Recado
- Não deixe que ninguém toque o seu coração, se não for tocar também todo o resto. - Eu disse despretensiosamente, enquanto abria mais uma garrafa de vinho.
- Como? - Amanda perguntou intrigada.
- É isso...
- Mais uma das tuas falas misteriosas. - Ela replicou.
- Onde está o mistério?
- Tua intenção em dizer isso.
Enchi os nossos copos e ela ficou me encarando.
- Extrair as intenções das palavras é um exercício pra vida.
- Isso parece algo que minha mãe me diria.
- Algo que sua madrinha diria... na verdade.
- Como é, rapaz?
- Você sabe de quem estou falando.
- Sim. Mas eu preferia que você fosse direto ao ponto.
- Não posso ir mais longe do que isso. Você sabe muito bem.
Ela tomou um gole do vinho e ficou com um meio sorriso pendurado no canto da boca.
- Tá certo então. - Ela murmurou depois de alguns instantes.
- Está certo mesmo?
- Olha. Eu não estou acostumada a tirar os meus pés do chão não. Inclusive quando tiro, termino caindo. Então não é comum que eu deixe minhas coisas expostas por aí. Quanto mais o meu coração.
- Não é porque você não está acostumada que não aconteça.
- Eu sei. Mas estou bem tranquila.
- Que bom. Nesse ponto eu nunca estou.
- Porque você é trouxa, meu bem. E gosta de ser trouxa.
- Não é como se eu gostasse.
- Mas está sempre metido no mesmo tipo de situação. Sempre apaixonado por quem não te merece. Sempre esperando o máximo do que não te dá o mínimo.
- Eu não espero o máximo de ninguém.
- Mas quase sempre tá romantizando o óbvio.
- E qual é o óbvio?
- Que você só ama o que não pode ter.
- Isso é um pouco cruel, não?
- Você que é cruel consigo mesmo, meu amor.
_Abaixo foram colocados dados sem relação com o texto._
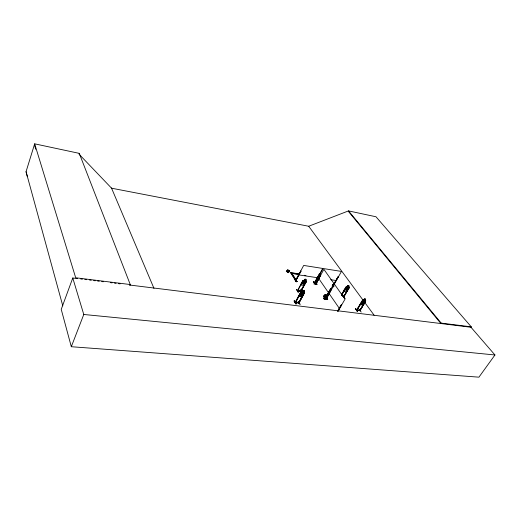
<?xml version="1.0" encoding="UTF-8"?>
<svg xmlns="http://www.w3.org/2000/svg" width="521" height="521" viewBox="0 0 521 521"><rect width="100%" height="100%" fill="white"/><g stroke="black" fill="none" stroke-linecap="round" stroke-linejoin="round"><path stroke-width="0.78" d="M301.62 292.261L302.063 292.203L302.121 293.382L303.75 292.424L302.226 293.688C303.098 295.4 301.288 295.876 301.815 293.916L300.103 294.938L301.705 293.623L301.62 292.261L300.233 289.832L301.685 292.06M298.969 303.046L298.54 302.87L303.86 293.199L304.264 293.343L298.969 303.046L304.557 292.483L304.394 292.001L303.561 291.916M300.539 292.841L300.884 292.887L300.474 292.743L295.231 302.545L295.654 302.597L295.518 302.232M298.142 301.509L300.122 304.42L298.286 301.555M320.649 274.958L315.687 284.577C309.748 276.703 317.458 286.335 315.563 284.186L320.773 274.977L315.68 284.629L313.701 281.965M344.778 298.553L342.929 295.707L344.85 298.409M359.067 309.272L361.19 312.066M302.825 295.726L301.796 296.859L298.865 296.475L299.106 295.192L298.911 296.436M306.101 279.354L305.417 280.591L306.413 281.164L303.75 285.41L300.891 284.98L302.838 280.617L304.284 280.428L304.883 279.171C307.442 278.826 304.746 280.265 305.788 281.047L304.603 283.235L303.489 284.088L302.362 283.925L302.258 282.903L303.45 280.702L304.244 280.357M300.91 285.013L301.125 283.782M346.595 291.486L347.566 290.392L346.595 291.486L343.938 291.083L344.212 289.936M343.958 291.115L344.231 289.91M360.578 303.398L360.298 304.57L362.935 304.915L363.945 303.847L362.909 304.889L360.278 304.538L360.597 303.365M327.318 298.631C326.96 300.278 318.989 296.631 327.331 298.657M325.182 297.113C328.829 291.532 321.503 296.527 324.707 297.198C326.341 296.436 326.218 291.799 323.795 296.358M325.013 297.224L325.833 294.606M27.3 176.482L26.05 171.696L34.66 143.835L79.264 153.363L130.25 284.538L129.885 285.43L129.736 285.039L470.984 327.26L494.95 354.977L478.929 377.165L71.312 346.719L61.231 309.363L72.771 277.993L77.583 278.592M78.997 154.138L79.264 153.363M359.588 310.581L365.358 301.509L359.985 310.744L359.646 310.575M359.842 310.242L360.018 310.744L356.931 310.242M71.312 346.719L83.777 314.476L72.771 277.993M325.794 294.528L325.169 296.898M324.707 297.198L325.801 294.619M343.554 296.807L343.932 296.859M333.44 285.716L333.03 285.534L333.264 286.022M315.14 283.424L320.154 274.111L314.573 283.333M319.275 273.981L319.66 274.118L319.275 273.981L314.248 283.274L314.821 282.994M286.27 271.552L286.478 271.246C289.162 272.027 284.303 271.096 287.494 271.91C286.986 272.418 290.568 272.379 287.696 271.591L286.934 270.757L287.345 271.721M287.149 270.614L287.358 270.308C290.034 271.089 285.195 270.152 288.373 270.972C287.872 271.474 291.434 271.441 288.575 270.646L287.813 269.819L288.321 270.588M288.224 270.783L287.813 269.819M288.373 270.972L287.358 270.308M289.774 270.998L288.575 270.646M288.243 272.73L287.846 271.78M287.748 271.969L288.797 272.053M289.122 271.786L288.725 270.835M288.621 271.031L289.669 271.115M290.601 272.763L291.447 272.581L297.035 281.653L296.332 281.555L290.601 272.763L299.406 273.785M295.687 280.135L295.511 280.474L296.097 280.376M295.915 280.637L300.877 271.148L295.57 280.565L295.961 280.637M295.609 280.572L303.691 265.43L322.766 268.458L314.58 283.346M295.856 280.513L300.877 271.148M296.332 281.555L290.751 272.476M296.234 281.809L294.489 279.139M298.233 292.242L296.521 289.337M297.869 290.562L297.309 290.855L300.988 291.356L306.459 281.158L306.283 280.65L303.456 280.278L302.825 280.624L297.367 290.952C297.94 290.093 304.733 291.91 297.576 290.627M297.458 290.978L302.812 281.399M294.072 301.021C295.856 300.532 297.524 308.132 294.105 300.995M294.398 300.845L296.11 303.945M301.125 290.985L300.584 291.304L306.094 281.874L300.663 291.415L305.762 281.828M298.872 302.896L295.205 302.447L300.845 291.988L301.496 291.675M301.197 291.115L301.053 291.467L297.406 290.959M295.785 302.265L298.741 302.721L295.511 302.219L295.29 302.558L298.956 303.027M295.609 302.603L300.819 292.789M303.502 291.949L304.199 290.679L302.948 290.51L300.252 294.319L300.356 295.361L301.522 295.518L302.662 294.639L303.886 292.405L303.476 291.916L304.134 290.718M300.838 290.952L301.177 291.018M294.287 300.995L296.215 303.743M79.563 154.73L111.566 188.198L308.692 226.251L348.523 210.901L375.986 216.762L471.271 326.843L470.984 327.26M303.86 293.199L298.663 303.001L299.217 302.675L298.793 302.616M314.371 282.844L314.599 283.32M313.876 283.899L317.471 284.199M314.248 283.177L319.594 274.026M333.212 286.042L341.463 271.428L323.007 268.497L314.86 283.378L315.322 283.092L314.99 283.02M314.892 283.378L320.154 274.111M324.336 297.055L325.697 294.593M323.788 298.201L327.325 298.943M324.889 296.286C321.945 294.756 324.088 298.292 325.658 297.498M324.101 299.008L327.755 299.269L324.212 298.813M330.614 289.246L325.358 298.579L330.444 288.999L330.737 289.266L330.444 288.999M325.195 298.338L330.561 289.018M325.521 297.986L325.189 298.312M333.232 286.022L333.01 285.554M337.96 276.846L332.906 285.99L338.025 276.938M332.821 285.873L338.266 276.892M331.095 289.93L326.003 299.523L334.449 284.219L345.026 299.139L338.031 311.226M326.146 299.549L326.139 299.132M341.568 294.619L345.931 286.876L346.582 286.563L349.2 286.947L348.373 286.869L349.09 285.703L347.943 285.515L347.312 286.674L346.524 286.98L345.312 289.09L345.358 290.067L346.406 290.217L347.487 289.402L348.699 287.299L348.354 286.843M341.633 294.717L345.905 287.651L341.535 295.459M324.642 296.416L325.742 294.495M341.47 295.368L345.905 287.651M348.64 288.048L343.463 297.237L349.018 288.185L348.64 288.048L349.018 288.185M343.43 297.231L348.712 288.139M347.533 290.379L349.259 287.384M342.825 295.895L344.837 298.39M337.725 310.952L341.366 304.661L341.672 304.935L341.366 304.661M337.849 310.965L341.489 304.674M337.908 311.213L341.548 304.922M355.706 308.666L357.582 311.643L355.7 308.666M362.388 300.35L356.611 310.19M356.95 310.36L362.388 301.197L356.625 310.295L357.159 310.015M362.075 301.151L356.839 310.21M365.455 299.132L363.866 302.825L362.766 303.652L361.724 303.515L361.698 302.538L364.394 298.95L365.54 299.132L364.804 300.298M362.382 300.356L363.743 300.109L364.426 299.021L365.475 299.165M365.423 301.607L359.737 310.698M356.585 310.203L359.933 310.627L365.742 300.819M471.271 326.843L441.196 323.111L440.909 323.541L348.308 211.292M324.01 296.82L325.645 294.56L323.808 296.566M325.684 294.469L323.964 296.247M303.75 285.41L304.733 284.271M298.839 296.442L301.783 296.814L304.414 292.034M288.452 272.424L286.837 270.953M289.324 271.48L288.471 270.777M286.478 271.246L287.599 271.715M287.612 270.125L288.471 270.842M294.658 279.132L296.403 281.822M315.492 284.59L313.681 281.952M357.426 311.597L355.433 308.81M324.101 298.95L327.559 299.295M300.832 292.001L301.503 291.636M325.677 298.214L325.495 298.194M360.174 310.399L359.855 310.347M298.8 302.512L299.171 302.675M343.424 297.133L343.652 297.152M343.743 297.283L343.71 296.937M314.43 282.844L314.664 282.864M314.782 283.255L315.081 283.3M83.777 314.476L494.95 354.977M130.25 284.538L75.701 277.765L34.66 143.835M80.794 278.989L82.396 279.184M84.806 279.484L86.408 279.679M89.619 280.077L91.221 280.278M93.63 280.578L95.232 280.773M97.642 281.073L99.244 281.268M101.654 281.568L103.256 281.763M110.478 282.662L112.08 282.857M114.49 283.157L116.092 283.352M118.501 283.652L120.104 283.847M356.839 309.975L359.724 310.347M359.796 310.438L357.074 310.008M301.483 291.604L302.291 291.714M364.863 300.265L365.625 300.37L365.677 300.799L365.605 300.337L362.987 300.024M301.477 291.643L304.375 292.066M303.925 293.297L304.264 293.343M302.988 290.588L304.153 290.744M315.583 284.192L315.876 284.414L315.869 283.821M296.488 281.262L297.191 281.366M333.954 286.674L333.134 286.856L332.203 285.534M346.576 286.609L347.325 286.713L347.943 285.515M302.545 281.444L302.877 281.496M305.827 281.92L306.159 281.972M300.943 271.239L300.552 271.102M320.22 274.202L319.835 274.059M292.092 272.991L298.455 273.948M298.943 274.163L291.63 273.375L299.582 274.574M304.362 275.29L305.951 275.531M298.644 274.886L317.667 277.745M317.908 277.778L319.51 278.019M330.718 279.699L336.319 280.545M356.872 309.975L357.093 309.91M287.592 271.78L288.803 272.131M295.589 302.499L295.778 302.147M300.194 290.008L301.763 292.268M342.883 295.876L344.791 298.566M343.743 297.191L349.181 286.921L349.278 287.41M315.759 284.212L323.886 269.318L333.968 283.541L325.501 298.553M286.83 270.868L287.442 271.526M348.523 210.901L441.196 323.111M363.039 300.142L308.692 226.251M364.485 302.108L374.098 315.185M332.489 284.681L333.818 286.465M332.554 284.694L333.486 286.009M318.774 278.605L328.666 292.932M329.142 293.623L339.523 308.647M324.909 296.26L325.684 297.458M291.74 273.545L297.035 281.653M296.449 289.468L298.233 292.294M111.461 187.951L153.975 288.38M34.406 144.649L35.76 149.273M26.05 171.696L62.787 305.84M347.064 287.136L347.064 288.211L348.582 287.312L347.136 288.497C347.859 290.093 346.178 290.575 346.758 288.712L345.156 289.669L346.667 288.439L346.667 287.078L347.064 287.136M363.078 300.604L363.065 301.88L361.528 303.118L363.144 302.154C362.46 303.99 364.277 303.541 363.534 301.933L365 300.741L363.463 301.652L363.482 300.539L363.078 300.604M304.251 283.685L303.821 283.743L303.776 282.512L302.115 283.502L303.671 282.226C302.773 280.604 304.629 280.148 304.082 281.991L305.658 281.06L304.173 282.291L304.251 283.685M304.056 280.793L302.864 282.988L303.997 283.15L305.182 280.956L304.056 280.793M305 279.445L304.785 279.836L305.729 279.549L305 279.445M302.095 292.164L300.877 294.404L302.043 294.56L303.261 292.32L302.095 292.164M303.066 290.783L302.851 291.187L303.815 290.887L303.066 290.783M347.09 287.064L345.879 289.168L346.927 289.318L348.139 287.214L347.09 287.064M348.035 285.769L347.82 286.146L348.712 285.873L348.035 285.769M363.508 300.5L362.258 302.61L363.306 302.753L364.557 300.643L363.508 300.5M364.485 299.204L364.257 299.582L365.156 299.295L364.485 299.204"/></g></svg>

- Talvez tenha um pouco de verdade nisso.
- É... Talvez tenha – Amanda murmurou quase que cinicamente.
Me levantei e deixei o meu copo na mesa de centro que estava entre nós dois.
Fui até a janela e respirei fundo o ar fresco que vinha de fora.
- Seria tudo muito fácil se pudéssemos ser racionais com essas coisas. - Falei, me virando novamente pra ela.
- Nós sempre podemos.
- Como?
- É só investir o tempo em coisas mais simples. Sexo, amizade, trabalho... a vida vai muito além de amar.
- Pois é. Mas a carne mais fraca é a do coração. Ela sempre falha primeiro.
- Você tem coração de vira-latas, meu bem. Tem um pouquinho de amor pra todo mundo aí dentro, tanto que às vezes falta um pouco pra você mesmo. - Amanda respondeu também se levantando.
Ela pegou o celular, conferiu a hora e largou ele de lado sobre o sofá.
Me olhou no fundo dos olhos, e dessa vez não havia nenhum sorriso em seus lábios. Apenas um tipo estranho de certeza e tensão. Então ela apagou a luz, pegou o copo e andou com passos lentos, até desaparecer no escuro do meu quarto.